Exercise:
Go line by line through the data below, counting each one that has "CityJSON", and give the final count only.

═══ Data section ═══

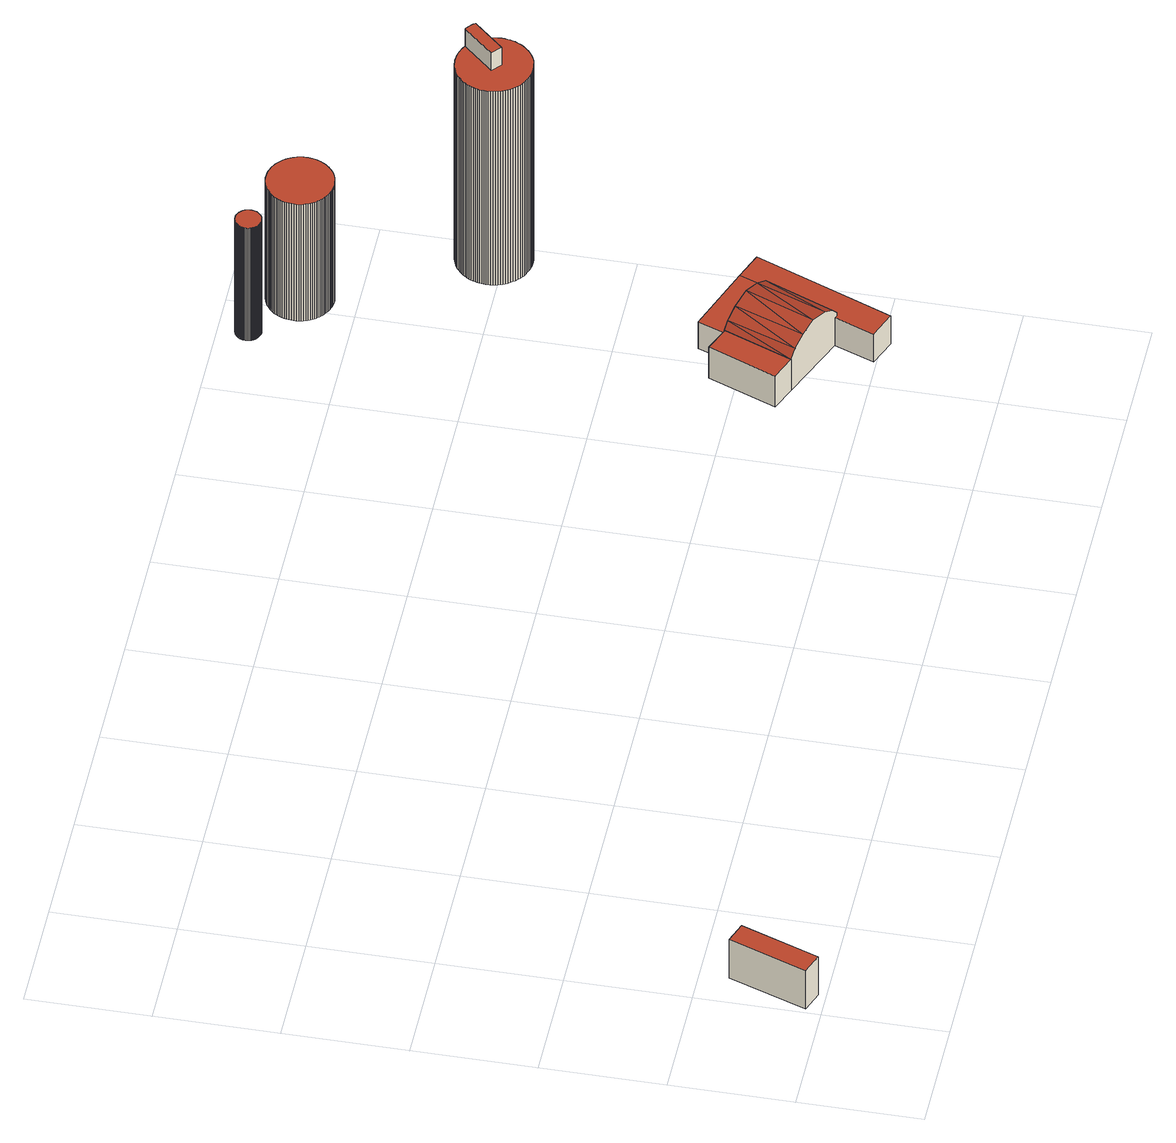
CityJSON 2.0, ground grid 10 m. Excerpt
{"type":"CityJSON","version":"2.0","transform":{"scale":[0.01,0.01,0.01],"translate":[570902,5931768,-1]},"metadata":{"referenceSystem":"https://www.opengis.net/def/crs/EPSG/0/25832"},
"CityObjects":{
"building1":{"type":"Building","attributes":{"Grundfläche 2D":"12.679556","Grundhöhe NN":"-0.001"},"geometry":[{"type":"Solid","lod":"3","boundaries":[[[[0,1,2,3]],[[4,5,3,2]],[[5,6,0,3]],[[6,7,1,0]],[[7,4,2,1]],[[7,6,5,4]]]],"semantics":{"surfaces":[{"type":"RoofSurface"},{"type":"WallSurface"},{"type":"GroundSurface"}],"values":[[0,1,1,1,1,2]]}}]},
"building2":{"type":"Building","attributes":{"Grundfläche 2D":"13.462395","Grundhöhe NN":"2.548"},"geometry":[{"type":"Solid","lod":"3","boundaries":[[[[8,9,10,11]],[[12,13,11,10]],[[13,14,8,11]],[[14,15,9,8]],[[15,12,10,9]],[[15,14,13,12]]]],"semantics":{"surfaces":[{"type":"RoofSurface"},{"type":"WallSurface"},{"type":"GroundSurface"}],"values":[[0,1,1,1,1,2]]}}]},
"building3":{"type":"Building","attributes":{"Grundfläche 2D":"38.658188","Grundhöhe NN":"2.540"},"geometry":[{"type":"Solid","lod":"3","boundaries":[[[[16,10,17]],[[18,10,16]],[[19,17,20]],[[16,17,19]],[[21,20,22]],[[19,20,21]],[[23,22,24]],[[21,22,23]],[[25,24,26]],[[23,24,25]],[[27,25,26,28]],[[28,26,24,22,20,17,10,29,30]],[[27,28,30,31]],[[18,16,19,21,23,25,27,31,32]],[[10,18,32,29]],[[30,29,32,31]]]],"semantics":{"surfaces":[{"type":"RoofSurface"},{"type":"WallSurface"},{"type":"GroundSurface"}],"values":[[0,0,0,0,0,0,0,0,0,0,0,1,1,1,1,2]]}}]},
"building4":{"type":"Building","attributes":{"Grundfläche 2D":"3.336995","Grundhöhe NN":"6.380"},"geometry":[{"type":"Solid","lod":"3","boundaries":[[[[33,34,35,36,37,38,39,40,41,42,43,44,45,46,47,48,49,50,51,52,53,54,55,56,57,58,59,60,61,62,63,64,65,66,67,68,69,70,71,72,73,74,75,76,77,78,79,80,81,82,83,84,85,86,87,88,89,90,91,92,93,94,95,96,97,98,99,100,101,102,103,104,105,106,107,108,109,110,111,112,113,114,115,116,117,118]],[[36,35,119,120]],[[37,36,120,121]],[[38,37,121,122]],[[39,38,122,123]],[[40,39,123,124]],[[41,40,124,125]],[[42,41,125,126]],[[35,34,127,119]],[[34,33,128,127]],[[43,42,126,129]],[[44,43,129,130]],[[45,44,130,131]],[[46,45,131,132]],[[47,46,132,133]],[[48,47,133,134]],[[49,48,134,135]],[[50,49,135,136]],[[51,50,136,137]],[[52,51,137,138]],[[53,52,138,139]],[[54,53,139,140]],[[55,54,140,141]],[[56,55,141,142]],[[57,56,142,143]],[[144,59,58,57,143,145]],[[60,59,144,146]],[[61,60,146,147]],[[148,63,62,61,147,149]],[[64,63,148,150]],[[65,64,150,151]],[[66,65,151,152]],[[67,66,152,153]],[[68,67,153,154]],[[69,68,154,155]],[[70,69,155,156]],[[71,70,156,157]],[[72,71,157,158]],[[73,72,158,159]],[[74,73,159,160]],[[75,74,160,161]],[[76,75,161,162]],[[77,76,162,163]],[[78,77,163,164]],[[79,78,164,165]],[[80,79,165,166]],[[81,80,166,167]],[[82,81,167,168]],[[83,82,168,169]],[[84,83,169,170]],[[85,84,170,171]],[[86,85,171,172]],[[87,86,172,173]],[[88,87,173,174]],[[89,88,174,175]],[[90,89,175,176]],[[91,90,176,177]],[[92,91,177,178]],[[93,92,178,179]],[[94,93,179,180]],[[95,94,180,181]],[[96,95,181,182]],[[97,96,182,183]],[[98,97,183,184]],[[99,98,184,185]],[[100,99,185,186]],[[101,100,186,187]],[[102,101,187,188]],[[103,102,188,189]],[[104,103,189,190]],[[105,104,190,191]],[[106,105,191,192]],[[107,106,192,193]],[[108,107,193,194]],[[109,108,194,195]],[[110,109,195,196]],[[111,110,196,197]],[[112,111,197,198]],[[113,112,198,199]],[[114,113,199,200]],[[115,114,200,201]],[[116,115,201,202]],[[117,116,202,203]],[[118,117,203,204]],[[33,118,204,128]],[[198,197,196,195,194,193,192,191,190,189,188,187,186,185,184,183,182,181,180,179,178,177,176,175,174,173,172,171,170,169,168,167,166,165,164,163,162,161,160,159,158,157,156,155,154,153,152,151,150,148,149,147,146,144,145,143,142,141,140,139,138,137,136,135,134,133,132,131,130,129,126,125,124,123,122,121,120,119,127,128,204,203,202,201,200,199]]]],"semantics":{"surfaces":[{"type":"RoofSurface"},{"type":"WallSurface"},{"type":"GroundSurface"}],"values":[[0,1,1,1,1,1,1,1,1,1,1,1,1,1,1,1,1,1,1,1,1,1,1,1,1,1,1,1,1,1,1,1,1,1,1,1,1,1,1,1,1,1,1,1,1,1,1,1,1,1,1,1,1,1,1,1,1,1,1,1,1,1,1,1,1,1,1,1,1,1,1,1,1,1,1,1,1,1,1,1,1,1,1,1,1,2]]}}]},
"building5":{"type":"Building","attributes":{"Grundfläche 2D":"15.042234","Grundhöhe NN":"2.649"},"geometry":[{"type":"Solid","lod":"3","boundaries":[[[[205,206,207,208,209]],[[210,207,206,205,211,212]],[[208,207,210,213]],[[209,208,213,214]],[[205,209,214,211]],[[210,212,211,214,213]]]],"semantics":{"surfaces":[{"type":"RoofSurface"},{"type":"WallSurface"},{"type":"GroundSurface"}],"values":[[0,1,1,1,1,2]]}}]},
"building6":{"type":"Building","attributes":{"Grundfläche 2D":"28.299524","Grundhöhe NN":"2.526"},"geometry":[{"type":"Solid","lod":"3","boundaries":[[[[215,216,217,218,219,208,207,220]],[[221,222,217,216]],[[222,223,218,217]],[[223,224,219,218]],[[224,225,208,219]],[[225,226,207,208]],[[226,227,220,207]],[[227,228,215,220]],[[228,221,216,215]],[[221,228,227,226,225,224,223,222]]]],"semantics":{"surfaces":[{"type":"RoofSurface"},{"type":"WallSurface"},{"type":"GroundSurface"}],"values":[[0,1,1,1,1,1,1,1,1,2]]}}]},
"building7":{"type":"Building","attributes":{"Grundfläche 2D":"22.194636","Grundhöhe NN":"6.397"},"geometry":[{"type":"Solid","lod":"3","boundaries":[[[[229,230,231,232,233,234,235,236,237,238,239,240,241,242,243,244,245,246,247,248,249,250,251,252,253,254,255,256,257,258,259,260,261,262,263,264,265,266,267,268,269,270,271,272,273,274,275,276,277,278,279,280,281,282,283,284,285,286,287,288,289,290,291,292,293,294,295,296,297,298,299,300,301,302,303,304,305,306,307,308,309,310,311,312,313,314,315,316,317,318,319,320,321,322,323,324]],[[325,326,234,233]],[[327,325,233,232]],[[328,329,319,318]],[[329,330,320,319]],[[330,331,321,320]],[[331,332,322,321]],[[332,333,323,322]],[[333,334,324,323]],[[334,335,229,324]],[[335,336,230,229]],[[336,337,231,230]],[[337,327,232,231]],[[326,338,235,234]],[[338,339,236,235]],[[339,340,237,236]],[[340,341,238,237]],[[341,342,239,238]],[[342,343,240,239]],[[343,344,241,240]],[[344,345,242,241]],[[345,346,243,242]],[[346,347,244,243]],[[347,348,245,244]],[[348,349,246,245]],[[349,350,247,246]],[[350,351,248,247]],[[351,352,249,248]],[[352,353,250,249]],[[353,354,251,250]],[[354,355,252,251]],[[355,356,253,252]],[[356,357,254,253]],[[357,358,255,254]],[[358,359,256,255]],[[359,360,257,256]],[[360,361,258,257]],[[361,362,259,258]],[[362,363,260,259]],[[363,364,261,260]],[[364,365,262,261]],[[365,366,263,262]],[[366,367,264,263]],[[367,368,265,264]],[[368,369,266,265]],[[369,370,267,266]],[[370,371,268,267]],[[371,372,269,268]],[[372,373,270,269]],[[373,374,271,270]],[[374,375,272,271]],[[375,376,273,272]],[[376,377,274,273]],[[377,378,275,274]],[[378,379,276,275]],[[379,380,277,276]],[[380,381,278,277]],[[381,382,279,278]],[[382,383,280,279]],[[383,384,281,280]],[[384,385,282,281]],[[385,386,283,282]],[[386,387,284,283]],[[387,388,285,284]],[[388,389,286,285]],[[389,390,287,286]],[[390,391,288,287]],[[391,392,289,288]],[[392,393,290,289]],[[393,394,291,290]],[[394,395,292,291]],[[395,396,293,292]],[[396,397,294,293]],[[397,398,295,294]],[[398,399,296,295]],[[399,400,297,296]],[[400,401,298,297]],[[401,402,299,298]],[[402,403,300,299]],[[403,404,301,300]],[[404,405,302,301]],[[405,406,303,302]],[[406,407,304,303]],[[407,408,305,304]],[[408,409,306,305]],[[409,410,307,306]],[[410,411,308,307]],[[411,412,309,308]],[[412,413,310,309]],[[413,414,311,310]],[[414,415,312,311]],[[415,416,313,312]],[[416,417,314,313]],[[417,418,315,314]],[[418,419,316,315]],[[419,420,317,316]],[[420,328,318,317]],[[332,331,330,329,328,420,419,418,417,416,415,414,413,412,411,410,409,408,407,406,405,404,403,402,401,400,399,398,397,396,395,394,393,392,391,390,389,388,387,386,385,384,383,382,381,380,379,378,377,376,375,374,373,372,371,370,369,368,367,366,365,364,363,362,361,360,359,358,357,356,355,354,353,352,351,350,349,348,347,346,345,344,343,342,341,340,339,338,326,325,327,337,336,335,334,333]]]],"semantics":{"surfaces":[{"type":"RoofSurface"},{"type":"WallSurface"},{"type":"GroundSurface"}],"values":[[0,1,1,1,1,1,1,1,1,1,1,1,1,1,1,1,1,1,1,1,1,1,1,1,1,1,1,1,1,1,1,1,1,1,1,1,1,1,1,1,1,1,1,1,1,1,1,1,1,1,1,1,1,1,1,1,1,1,1,1,1,1,1,1,1,1,1,1,1,1,1,1,1,1,1,1,1,1,1,1,1,1,1,1,1,1,1,1,1,1,1,1,1,1,1,1,1,2]]}}]},
"building8":{"type":"Building","attributes":{"Grundfläche 2D":"28.847609","Grundhöhe NN":"6.332"},"children":["building8-1"],"geometry":[{"type":"Solid","lod":"3","boundaries":[[[[421,422,423,424,425,426,427,428,429,430,431,432,433,434,435,436,437,438,439,440,441,442,443,444,445,446,447,448,449,450,451,452,453,454,455,456,457,458,459,460,461,462,463,464,465,466,467,468,469,470,471,472,473,474,475,476,477,478,479,480,481,482,483,484,485,486,487,488,489,490,491,492,493,494,495,496,497,498,499,500,501,502,503,504,505,506,507,508,509,510,511,512,513,514,515,516,517]],[[518,519,422,421]],[[519,520,423,422]],[[520,521,424,423]],[[521,522,425,424]],[[522,523,426,425]],[[523,524,427,426]],[[524,525,428,427]],[[525,526,429,428]],[[526,527,430,429]],[[527,528,431,430]],[[528,529,432,431]],[[529,530,433,432]],[[531,518,421,517]],[[530,532,434,433]],[[532,533,435,434]],[[533,534,436,435]],[[534,535,437,436]],[[535,536,438,437]],[[536,537,439,438]],[[537,538,440,439]],[[538,539,441,440]],[[539,540,442,441]],[[540,541,443,442]],[[541,542,444,443]],[[542,543,445,444]],[[543,544,446,445]],[[544,545,447,446]],[[545,546,448,447]],[[546,547,449,448]],[[547,548,450,449]],[[548,549,451,450]],[[549,550,452,451]],[[550,551,453,452]],[[551,552,454,453]],[[552,553,455,454]],[[553,554,456,455]],[[554,555,457,456]],[[555,556,458,457]],[[556,557,459,458]],[[557,558,460,459]],[[558,559,461,460]],[[559,560,462,461]],[[560,561,463,462]],[[561,562,464,463]],[[562,563,465,464]],[[563,564,466,465]],[[564,565,467,466]],[[565,566,468,467]],[[566,567,469,468]],[[567,568,470,469]],[[568,569,471,470]],[[569,570,472,471]],[[570,571,473,472]],[[571,572,474,473]],[[572,573,475,474]],[[573,574,476,475]],[[574,575,477,476]],[[575,576,478,477]],[[576,577,479,478]],[[577,578,480,479]],[[578,579,481,480]],[[579,580,482,481]],[[580,581,483,482]],[[581,582,484,483]],[[582,583,485,484]],[[583,584,486,485]],[[584,585,487,486]],[[585,586,488,487]],[[586,587,489,488]],[[587,588,490,489]],[[588,589,491,490]],[[589,590,492,491]],[[590,591,493,492]],[[591,592,494,493]],[[592,593,495,494]],[[593,594,496,495]],[[594,595,497,496]],[[595,596,498,497]],[[596,597,499,498]],[[597,598,500,499]],[[598,599,501,500]],[[599,600,502,501]],[[600,601,503,502]],[[601,602,504,503]],[[602,603,505,504]],[[603,604,506,505]],[[604,605,507,506]],[[605,606,508,507]],[[606,607,509,508]],[[607,608,510,509]],[[608,609,511,510]],[[609,610,512,511]],[[610,611,513,512]],[[611,612,514,513]],[[612,613,515,514]],[[613,614,516,515]],[[614,531,517,516]],[[607,606,605,604,603,602,601,600,599,598,597,596,595,594,593,592,591,590,589,588,587,586,585,584,583,582,581,580,579,578,577,576,575,574,573,572,571,570,569,568,567,566,565,564,563,562,561,560,559,558,557,556,555,554,553,552,551,550,549,548,547,546,545,544,543,542,541,540,539,538,537,536,535,534,533,532,530,529,528,527,526,525,524,523,522,521,520,519,518,531,614,613,612,611,610,609,608]]]],"semantics":{"surfaces":[{"type":"RoofSurface"},{"type":"WallSurface"},{"type":"GroundSurface"}],"values":[[0,1,1,1,1,1,1,1,1,1,1,1,1,1,1,1,1,1,1,1,1,1,1,1,1,1,1,1,1,1,1,1,1,1,1,1,1,1,1,1,1,1,1,1,1,1,1,1,1,1,1,1,1,1,1,1,1,1,1,1,1,1,1,1,1,1,1,1,1,1,1,1,1,1,1,1,1,1,1,1,1,1,1,1,1,1,1,1,1,1,1,1,1,1,1,1,1,1,2]]}}]},
"building8-1":{"type":"BuildingInstallation","parents":["building8"],"geometry":[{"type":"MultiSurface","lod":"3","boundaries":[[[615,616,617,618,619,620,621,622,623,624]],[[448,449,615,624]],[[449,450,616,615]],[[450,451,617,616]],[[451,452,618,617]],[[452,453,619,618]],[[453,454,620,619]],[[625,622,621,620,454,626]],[[623,622,625,627]],[[627,448,624,623]]],"semantics":{"surfaces":[{"type":"RoofSurface"},{"type":"WallSurface"}],"values":[0,1,1,1,1,1,1,1,1,1]}}]}
},
"vertices":[
[223,67,495],[455,708,495],[280,771,495],[48,130,495],[280,771,100],[48,130,100],[223,67,100],[455,708,100],
[6586,2169,674],[6361,1608,674],[6569,1525,674],[6791,2083,674],[6569,1525,355],[6791,2083,355],[6586,2169,355],[6361,1608,355],
[6838,2072,740],[6622,1504,744],[6794,2089,674],[6938,2032,807],[6721,1463,807],[7078,1976,850],[6851,1411,850],[7223,1918,807],[7006,1348,807],[7333,1874,740],[7103,1308,740],[7386,1853,674],[7154,1288,674],[6569,1525,354],[7154,1288,354],[7386,1853,354],[6794,2089,354],
[6054,5538,1905],[6065,5544,1905],[6075,5550,1905],[6084,5557,1905],[6092,5566,1905],[6096,5571,1905],[6100,5576,1905],[6103,5582,1905],[6107,5588,1905],[6109,5594,1905],[6112,5601,1905],[6114,5608,1905],[6115,5615,1905],[6116,5622,1905],[6117,5629,1905],[6117,5637,1905],[6116,5644,1905],[6115,5652,1905],[6114,5659,1905],[6112,5666,1905],[6109,5673,1905],[6106,5679,1905],[6103,5686,1905],[6099,5692,1905],[6095,5697,1905],[6094,5699,1905],[6090,5703,1905],[6086,5707,1905],[6081,5711,1905],[6081,5712,1905],[6076,5716,1905],[6066,5722,1905],[6056,5728,1905],[6045,5732,1905],[6033,5735,1905],[6027,5736,1905],[6020,5736,1905],[6014,5736,1905],[6007,5736,1905],[6000,5736,1905],[5993,5734,1905],[5986,5733,1905],[5979,5730,1905],[5972,5728,1905],[5966,5724,1905],[5959,5721,1905],[5953,5717,1905],[5947,5712,1905],[5942,5707,1905],[5937,5702,1905],[5932,5696,1905],[5928,5690,1905],[5924,5684,1905],[5921,5678,1905],[5918,5671,1905],[5916,5665,1905],[5914,5658,1905],[5912,5652,1905],[5912,5646,1905],[5911,5634,1905],[5911,5622,1905],[5913,5611,1905],[5917,5599,1905],[5919,5593,1905],[5922,5587,1905],[5925,5582,1905],[5928,5576,1905],[5932,5570,1905],[5937,5565,1905],[5942,5559,1905],[5947,5555,1905],[5953,5550,1905],[5959,5546,1905],[5966,5542,1905],[5972,5539,1905],[5979,5536,1905],[5986,5534,1905],[5993,5532,1905],[6001,5531,1905],[6008,5530,1905],[6015,5530,1905],[6022,5530,1905],[6029,5531,1905],[6036,5533,1905],[6042,5534,1905],[6048,5536,1905],[6075,5550,738],[6084,5557,738],[6092,5566,738],[6096,5571,738],[6100,5576,738],[6103,5582,738],[6107,5588,738],[6109,5594,738],[6065,5544,738],[6054,5538,738],[6112,5601,738],[6114,5608,738],[6115,5615,738],[6116,5622,738],[6117,5629,738],[6117,5637,738],[6116,5644,738],[6115,5652,738],[6114,5659,738],[6112,5666,738],[6109,5673,738],[6106,5679,738],[6103,5686,738],[6099,5692,738],[6095,5697,738],[6090,5703,738],[6094,5699,738],[6086,5707,738],[6081,5711,738],[6076,5716,738],[6081,5712,738],[6066,5722,738],[6056,5728,738],[6045,5732,738],[6033,5735,738],[6027,5736,738],[6020,5736,738],[6014,5736,738],[6007,5736,738],[6000,5736,738],[5993,5734,738],[5986,5733,738],[5979,5730,738],[5972,5728,738],[5966,5724,738],[5959,5721,738],[5953,5717,738],[5947,5712,738],[5942,5707,738],[5937,5702,738],[5932,5696,738],[5928,5690,738],[5924,5684,738],[5921,5678,738],[5918,5671,738],[5916,5665,738],[5914,5658,738],[5912,5652,738],[5912,5646,738],[5911,5634,738],[5911,5622,738],[5913,5611,738],[5917,5599,738],[5919,5593,738],[5922,5587,738],[5925,5582,738],[5928,5576,738],[5932,5570,738],[5937,5565,738],[5942,5559,738],[5947,5555,738],[5953,5550,738],[5959,5546,738],[5966,5542,738],[5972,5539,738],[5979,5536,738],[5986,5534,738],[5993,5532,738],[6001,5531,738],[6008,5530,738],[6015,5530,738],[6022,5530,738],[6029,5531,738],[6036,5533,738],[6042,5534,738],[6048,5536,738],
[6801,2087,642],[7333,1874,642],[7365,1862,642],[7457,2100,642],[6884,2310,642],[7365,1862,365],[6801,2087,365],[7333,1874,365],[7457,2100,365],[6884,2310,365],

═══

Answer:
2